In recent years, organizations have struggled to find and retain the right talent to fill critical roles. This can be attributed to a combination of factors, including an aging workforce, a lack of critical skills needed for current and future organizational needs, and increased competition for talent from other organizations seeking similar skills. Our research shows that, within the next five years, one-half of all employees will require significant reskilling and upskilling in order to keep pace with the changing job market. As a result, organizations are facing a talent shortage and are struggling to fill their open roles with qualified candidates. This poses a clear threat to the ability to execute critical business initiatives. In response, we assert that by 2025, one-half of organizations will implement a more comprehensive approach to determining organizational readiness, including sentiment analysis, skills gaps identification and adjacencies assessments to optimize employee potential.
To address the challenge, many organizations are turning to internal opportunity marketplaces to match internal candidates with open roles, projects and even mentors. An opportunity marketplace is essentially a platform that brings together the skills, interests and aspirations of employees with the available opportunities within an organization. This can include job openings, projects, stretch assignments and training opportunities. By using an opportunity marketplace, organizations can create a more agile and responsive talent management system where internal candidates are more easily matched with open roles and where employees can better identify and pursue career paths that align with their skills and interests.
The benefits of an internal opportunity marketplace are numerous. First, it can help organizations retain their top talent by keeping employees within the organization when new opportunities arise. By providing a platform for employees to explore different career paths within the organization, it can also improve employee engagement and job satisfaction. Second, an opportunity marketplace can help organizations identify and close skills gaps by providing training, coursework and projects that help employees develop new skills and competencies. Third, it can help organizations future-proof their talent strategy by enabling employees to develop/gain the skills required for the continued success of their business, rather than looking primarily to the extremely competitive, finite, external pool of candidates to meet skills requirements as their overall organizational growth strategy evolves.

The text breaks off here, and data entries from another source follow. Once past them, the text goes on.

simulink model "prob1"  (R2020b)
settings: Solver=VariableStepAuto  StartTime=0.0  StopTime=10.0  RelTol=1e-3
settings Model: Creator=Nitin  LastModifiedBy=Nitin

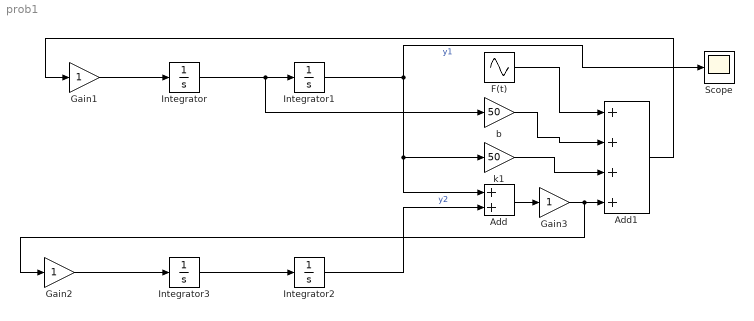
== system prob1 ==
  Add : Sum
  Add1 : Sum  Inputs=++++
  F(t) : Sin  SampleTime=0
  Gain1 : Gain
  Gain2 : Gain
  Gain3 : Gain
  Integrator{,1..3} (4 alike) : Integrator
  Scope : Scope
  b : Gain  Gain=50
  k1 : Gain  Gain=50
  wires:
  k1/1 -> Add1/3
  F(t)/1 -> Add1/1
  Integrator1/1 -> Add/1, k1/1, Scope/1  "y1"
  Add/1 -> Gain3/1
  Gain1/1 -> Integrator/1
  Integrator3/1 -> Integrator2/1
  Integrator/1 -> b/1, Integrator1/1
  Gain2/1 -> Integrator3/1
  Integrator2/1 -> Add/2  "y2"
  Gain3/1 -> Gain2/1, Add1/4
  b/1 -> Add1/2
  Add1/1 -> Gain1/1
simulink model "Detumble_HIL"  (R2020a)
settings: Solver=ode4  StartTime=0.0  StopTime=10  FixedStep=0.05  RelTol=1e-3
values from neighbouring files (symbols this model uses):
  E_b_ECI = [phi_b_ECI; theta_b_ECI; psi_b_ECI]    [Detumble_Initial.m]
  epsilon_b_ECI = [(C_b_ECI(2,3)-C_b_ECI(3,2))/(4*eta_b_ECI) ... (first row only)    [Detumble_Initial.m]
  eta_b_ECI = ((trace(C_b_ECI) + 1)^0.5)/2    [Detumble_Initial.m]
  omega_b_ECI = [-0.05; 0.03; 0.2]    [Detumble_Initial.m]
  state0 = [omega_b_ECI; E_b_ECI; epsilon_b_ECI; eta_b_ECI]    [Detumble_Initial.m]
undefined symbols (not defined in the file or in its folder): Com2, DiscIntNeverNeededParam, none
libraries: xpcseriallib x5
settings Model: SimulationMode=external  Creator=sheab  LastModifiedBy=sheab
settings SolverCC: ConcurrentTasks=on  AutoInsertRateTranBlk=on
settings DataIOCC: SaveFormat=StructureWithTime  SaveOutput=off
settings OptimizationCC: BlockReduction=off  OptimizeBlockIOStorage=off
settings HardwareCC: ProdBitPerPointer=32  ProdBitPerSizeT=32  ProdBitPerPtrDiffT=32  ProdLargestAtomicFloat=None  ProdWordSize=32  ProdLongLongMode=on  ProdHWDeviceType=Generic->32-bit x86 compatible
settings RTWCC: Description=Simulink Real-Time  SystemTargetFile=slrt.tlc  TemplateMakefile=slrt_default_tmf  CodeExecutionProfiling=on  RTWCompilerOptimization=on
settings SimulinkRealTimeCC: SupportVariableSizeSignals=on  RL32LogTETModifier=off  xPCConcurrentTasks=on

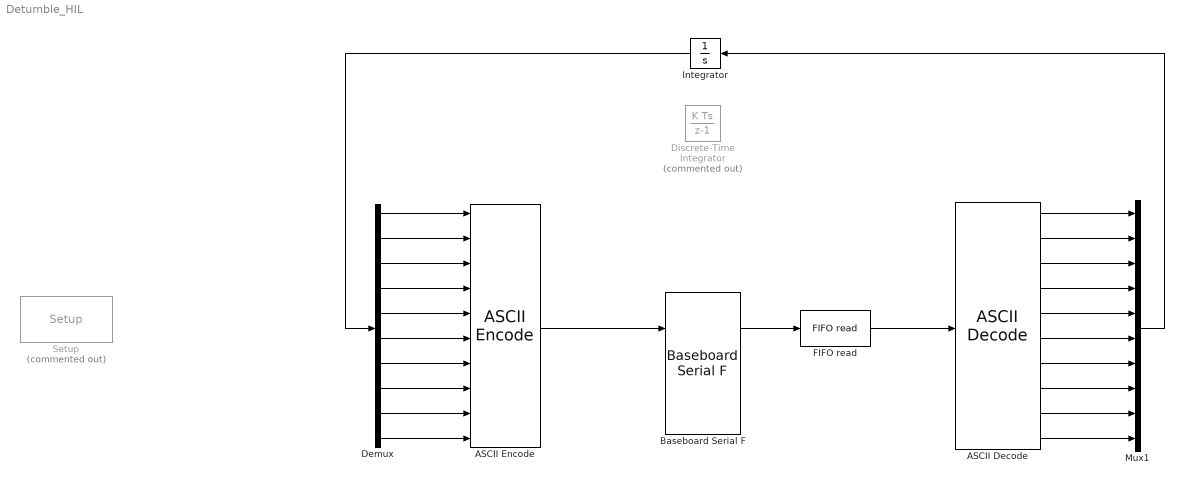
== system Detumble_HIL ==
  "ASCII Decode " : xpcseriallib/ASCII Decode   format=%f %f %f %f %f %f %f %f %f %f\n  nvars=10  vartypes={}
      settings: SourceProductBaseCode=XP
  "ASCII Encode " : xpcseriallib/ASCII Encode   format=%f %f %f %f %f %f %f %f %f %f \n  nvars=10  maxlength=128  vartypes={ 'double' }
      settings: SourceProductBaseCode=XP
  Baseboard Serial F : xpcseriallib/Mainboard/Baseboard Serial F  group=FIFO Setup  port=1  irqnum=4  saddr1=0x3f8  saddr2=0x3e8  config=Com2/none  baud1=115200  parity1=None  ndata1=8  nstop1=1  fifomode1=16 deep  rlevel1=half full  automode1=off  xmtfifosize1=1024  xmtdatatype1=8 bit uint null terminated  rcvfifosize1=5120  baud2=115200  parity2=None  ndata2=8  nstop2=1  fifomode2=16 deep  rlevel2=half full  automode2=off  xmtfifosize2=1024  xmtdatatype2=8 bit uint null terminated  rcvfifosize2=1024
      settings: SourceProductBaseCode=XP
  Demux : Demux  Outputs=10
  Discrete-Time Integrator : DiscreteIntegrator  Commented=on  InitialCondition=[omega_b_ECI; E_b_ECI; epsilon_b_ECI; eta_b_ECI]  SampleTime=-1  SaturateOnIntegerOverflow=on  ICPrevOutput=DiscIntNeverNeededParam  ICPrevScaledInput=DiscIntNeverNeededParam
  "FIFO read " : xpcseriallib/FIFO read   maxsize=5028  minsize=1  usedelimiter=on  delimiter=10  outputtype=8 bit uint null terminated  enable=off  enableout=off  sampletime=0.01
      settings: SourceProductBaseCode=XP
  Integrator : Integrator  Priority=5  InitialCondition=state0
  Mux1 : Mux  Inputs=10
  Setup : xpcseriallib/Mainboard/Baseboard Serial Internal  blocks/Setup  Commented=on  baud=115200  width=8  nstop=1  parity=None  fmode=16 deep  rlevel=half full  ctsmode=on  addr=0x2F8
      settings: SourceProductBaseCode=XP
  wires:
  "ASCII Encode "/1 -> Baseboard Serial F/1
  Baseboard Serial F/1 -> "FIFO read "/1
  Mux1/1 -> Integrator/1
  "ASCII Decode "/10 -> Mux1/10
  "ASCII Decode "/7 -> Mux1/7
  "ASCII Decode "/6 -> Mux1/6
  "ASCII Decode "/9 -> Mux1/9
  "ASCII Decode "/2 -> Mux1/2
  "ASCII Decode "/3 -> Mux1/3
  "ASCII Decode "/1 -> Mux1/1
  "FIFO read "/1 -> "ASCII Decode "/1
  "ASCII Decode "/8 -> Mux1/8
  "ASCII Decode "/4 -> Mux1/4
  "ASCII Decode "/5 -> Mux1/5
  Integrator/1 -> Demux/1
  Demux/5 -> "ASCII Encode "/5
  Demux/4 -> "ASCII Encode "/4
  Demux/2 -> "ASCII Encode "/2
  Demux/3 -> "ASCII Encode "/3
  Demux/1 -> "ASCII Encode "/1
  Demux/6 -> "ASCII Encode "/6
  Demux/7 -> "ASCII Encode "/7
  Demux/8 -> "ASCII Encode "/8
  Demux/9 -> "ASCII Encode "/9
  Demux/10 -> "ASCII Encode "/10

Despite the benefits of an internal opportunity marketplace, there are also challenges associated with implementing such a system. One of the primary challenges is that it can be quite time-consuming, requiring consistency of job architecture, robust skills taxonomies, integrations with other systems (such as ATS or LMS) and performance management. Additionally, adoption by workers and hiring managers can be a challenge, particularly for those not familiar with the concept of skills adjacencies. These challenges could lead to the incremental rollout of opportunity marketplaces, where perhaps single divisions or job families are implemented first, or LMS is integrated at launch with ATS integration coming later. While this appears to be a reasonable approach for such a large initiative, it can also be quite limiting to the overall benefits of the opportunity marketplace, with only a small number of roles available to a finite set of employees, with limited career pathing and access to mentors available. Organizations choosing this approach must do so with a detailed and well-rounded change management plan in order to properly sell the benefits of the system and garner the buy-in and patience required for success.
Opportunity marketplaces are much more than just internal job boards. Organizations can use these platforms not just to post new job openings, but even more importantly to optimize their investment in existing employees by matching employee interests and acumen with career paths that may have otherwise gone undiscovered, leading to regrettable attrition when top talent is unable to see a future in their organization. Opportunity marketplaces can show employees more than just their ultimate job. They can create a path to reaching that job, including skills training, projects and even mentors to help guide the way. While there are challenges associated with implementing such a complex system, the benefits of increased retention, engagement and skills development can make it a worthwhile investment for organizations looking to stay ahead in the proverbial war for talent.